The perfect spot to talk about Manhattan is just below the Queensboro Bridge, where Allen and Keaton share a scene in the movie so romantic and memorable that it became the poster image. We made our way there through the heavy late-afternoon traffic, past the Bowery, the Flatiron Building, and the UN Headquarters. Again, there were highs and lows even to the drive: from the excitement of being near places I’d read about and seen in pictures, to the hassle of moving at a crawl, with rain threatening to make our shoot at the bridge a damp one.
When we hit the spot—a little “pocket park,” with a bench—Egan pointed out some of what was across the water, including Roosevelt Island, with its famous tramway, and Silvercup Studios, which 30 Rock, The Sopranos and Sex And The City have all used as a home base. And, this being New York, the bridge itself isn’t just iconic because of one movie. It’s also known as the 59th Street Bridge, which Simon & Garfunkel immortalized in the song “Feelin’ Groovy,” and it’s the bridge of eternal crossing in the opening credits of Taxi.
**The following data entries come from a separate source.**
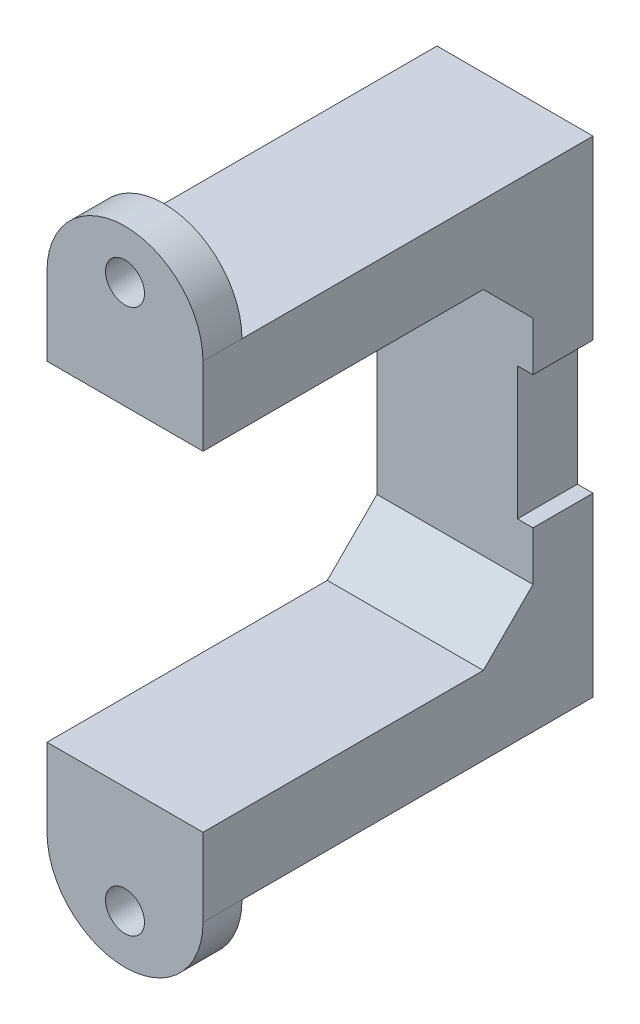
ISO-10303-21;
HEADER;
FILE_DESCRIPTION(('STEP AP214'),'2;1');
FILE_NAME('part.step','',(''),(''),'','','');
FILE_SCHEMA(('AUTOMOTIVE_DESIGN { 1 0 10303 214 1 1 1 1 }'));
ENDSEC;
DATA;
#1=APPLICATION_CONTEXT('core data for automotive mechanical design processes');
#2=APPLICATION_PROTOCOL_DEFINITION('international standard','automotive_design',2000,#1);
#3=PRODUCT_CONTEXT('',#1,'mechanical');
#4=PRODUCT('Part','Part','',(#3));
#5=PRODUCT_RELATED_PRODUCT_CATEGORY('part','',(#4));
#6=PRODUCT_DEFINITION_FORMATION('','',#4);
#7=PRODUCT_DEFINITION_CONTEXT('part definition',#1,'design');
#8=PRODUCT_DEFINITION('design','',#6,#7);
#9=PRODUCT_DEFINITION_SHAPE('','',#8);
#10=(LENGTH_UNIT() NAMED_UNIT(*) SI_UNIT(.MILLI.,.METRE.));
#11=(NAMED_UNIT(*) PLANE_ANGLE_UNIT() SI_UNIT($,.RADIAN.));
#12=(NAMED_UNIT(*) SI_UNIT($,.STERADIAN.) SOLID_ANGLE_UNIT());
#13=UNCERTAINTY_MEASURE_WITH_UNIT(LENGTH_MEASURE(1.E-05),#10,'distance_accuracy_value','');
#14=(GEOMETRIC_REPRESENTATION_CONTEXT(3) GLOBAL_UNCERTAINTY_ASSIGNED_CONTEXT((#13)) GLOBAL_UNIT_ASSIGNED_CONTEXT((#10,
#11,#12)) REPRESENTATION_CONTEXT('',''));
#15=CARTESIAN_POINT('',(0.,0.,0.));
#16=DIRECTION('',(0.,0.,1.));
#17=DIRECTION('',(1.,0.,0.));
#18=AXIS2_PLACEMENT_3D('',#15,#16,#17);
#19=CARTESIAN_POINT('',(0.,62.3,0.));
#20=DIRECTION('',(-1.,0.,0.));
#21=DIRECTION('',(0.,0.,1.));
#22=AXIS2_PLACEMENT_3D('',#19,#20,#21);
#23=PLANE('',#22);
#24=DIRECTION('',(0.,1.,0.));
#25=VECTOR('',#24,1.);
#26=CARTESIAN_POINT('',(0.,62.3,-42.3));
#27=LINE('',#26,#25);
#28=CARTESIAN_POINT('',(0.,39.65,-42.3));
#29=VERTEX_POINT('',#28);
#30=CARTESIAN_POINT('',(0.,45.936038969321,-42.3));
#31=VERTEX_POINT('',#30);
#32=EDGE_CURVE('E192',#29,#31,#27,.T.);
#33=ORIENTED_EDGE('',*,*,#32,.F.);
#34=DIRECTION('',(0.,0.,-1.));
#35=VECTOR('',#34,1.);
#36=CARTESIAN_POINT('',(0.,39.65,-40.));
#37=LINE('',#36,#35);
#38=CARTESIAN_POINT('',(0.,39.65,-50.));
#39=VERTEX_POINT('',#38);
#40=EDGE_CURVE('E352',#29,#39,#37,.T.);
#41=ORIENTED_EDGE('',*,*,#40,.T.);
#42=DIRECTION('',(0.,-1.,0.));
#43=VECTOR('',#42,1.);
#44=CARTESIAN_POINT('',(0.,62.3,-50.));
#45=LINE('',#44,#43);
#46=CARTESIAN_POINT('',(0.,62.3,-50.));
#47=VERTEX_POINT('',#46);
#48=EDGE_CURVE('E171',#47,#39,#45,.T.);
#49=ORIENTED_EDGE('',*,*,#48,.F.);
#50=DIRECTION('',(0.,0.,-1.));
#51=VECTOR('',#50,1.);
#52=CARTESIAN_POINT('',(0.,62.3,0.));
#53=LINE('',#52,#51);
#54=CARTESIAN_POINT('',(0.,62.3,-5.));
#55=VERTEX_POINT('',#54);
#56=EDGE_CURVE('E239',#55,#47,#53,.T.);
#57=ORIENTED_EDGE('',*,*,#56,.F.);
#58=CARTESIAN_POINT('',(0.,62.3,0.));
#59=VERTEX_POINT('',#58);
#60=EDGE_CURVE('E241',#59,#55,#53,.T.);
#61=ORIENTED_EDGE('',*,*,#60,.F.);
#62=DIRECTION('',(0.,-1.,0.));
#63=VECTOR('',#62,1.);
#64=CARTESIAN_POINT('',(0.,62.3,0.));
#65=LINE('',#64,#63);
#66=CARTESIAN_POINT('',(0.,52.3,0.));
#67=VERTEX_POINT('',#66);
#68=EDGE_CURVE('E180',#59,#67,#65,.T.);
#69=ORIENTED_EDGE('',*,*,#68,.T.);
#70=DIRECTION('',(0.,0.,1.));
#71=VECTOR('',#70,1.);
#72=CARTESIAN_POINT('',(0.,52.3,0.));
#73=LINE('',#72,#71);
#74=CARTESIAN_POINT('',(0.,52.3,-35.9360389693211));
#75=VERTEX_POINT('',#74);
#76=EDGE_CURVE('E198',#75,#67,#73,.T.);
#77=ORIENTED_EDGE('',*,*,#76,.F.);
#78=DIRECTION('',(0.,-0.707106781186551,-0.707106781186544));
#79=VECTOR('',#78,1.);
#80=CARTESIAN_POINT('',(0.,75.2680194846606,-12.9680194846607));
#81=LINE('',#80,#79);
#82=EDGE_CURVE('E195',#75,#31,#81,.T.);
#83=ORIENTED_EDGE('',*,*,#82,.T.);
#84=EDGE_LOOP('',(#33,#41,#49,#57,#61,#69,#77,#83));
#85=FACE_BOUND('',#84,.T.);
#86=ADVANCED_FACE('F33',(#85),#23,.F.);
#87=CARTESIAN_POINT('',(0.,62.3,0.));
#88=DIRECTION('',(0.,1.,0.));
#89=DIRECTION('',(0.,0.,1.));
#90=AXIS2_PLACEMENT_3D('',#87,#88,#89);
#91=PLANE('',#90);
#92=DIRECTION('',(0.,0.,1.));
#93=VECTOR('',#92,1.);
#94=CARTESIAN_POINT('',(-20.,62.3,0.));
#95=LINE('',#94,#93);
#96=CARTESIAN_POINT('',(-20.,62.3,-50.));
#97=VERTEX_POINT('',#96);
#98=CARTESIAN_POINT('',(-20.,62.3,-5.));
#99=VERTEX_POINT('',#98);
#100=EDGE_CURVE('E237',#97,#99,#95,.T.);
#101=ORIENTED_EDGE('',*,*,#100,.T.);
#102=DIRECTION('',(1.,0.,0.));
#103=VECTOR('',#102,1.);
#104=CARTESIAN_POINT('',(-20.,62.3,-5.));
#105=LINE('',#104,#103);
#106=EDGE_CURVE('E56',#99,#55,#105,.T.);
#107=ORIENTED_EDGE('',*,*,#106,.T.);
#108=ORIENTED_EDGE('',*,*,#56,.T.);
#109=DIRECTION('',(-1.,0.,0.));
#110=VECTOR('',#109,1.);
#111=CARTESIAN_POINT('',(0.,62.3,-50.));
#112=LINE('',#111,#110);
#113=EDGE_CURVE('E176',#47,#97,#112,.T.);
#114=ORIENTED_EDGE('',*,*,#113,.T.);
#115=EDGE_LOOP('',(#101,#107,#108,#114));
#116=FACE_BOUND('',#115,.T.);
#117=ADVANCED_FACE('F321',(#116),#91,.T.);
#118=CARTESIAN_POINT('',(-20.,62.3,0.));
#119=DIRECTION('',(1.,0.,0.));
#120=DIRECTION('',(0.,0.,-1.));
#121=AXIS2_PLACEMENT_3D('',#118,#119,#120);
#122=PLANE('',#121);
#123=DIRECTION('',(0.,0.,-1.));
#124=VECTOR('',#123,1.);
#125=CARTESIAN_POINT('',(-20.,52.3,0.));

And in The Great Gatsby, Nick Carraway says, “The city seen from the Queensboro Bridge is always the city seen for the first time, in its first wild promise of all the mystery and the beauty in the world.”
The Manhattan site, one of several disconnected Sutton Place parks, is at the end of a dead-end street—at one time the home of the “Dead End Kids”—flanked now by very pricey apartments, with gated-off parking. It’s a public place surrounded by exclusivity, on a road that sightseers would have to know about ahead of time to find. Contra Gatsby, it’s the view from the city, looking up at the bridge and across to Queens and Brooklyn. And while it’s not a definitive New York location, it is striking in its smallness. The park is just a nook, really, carved into the rock and yet somehow ephemeral, as though we could’ve turned the corner and found it gone—or at least inaccessible.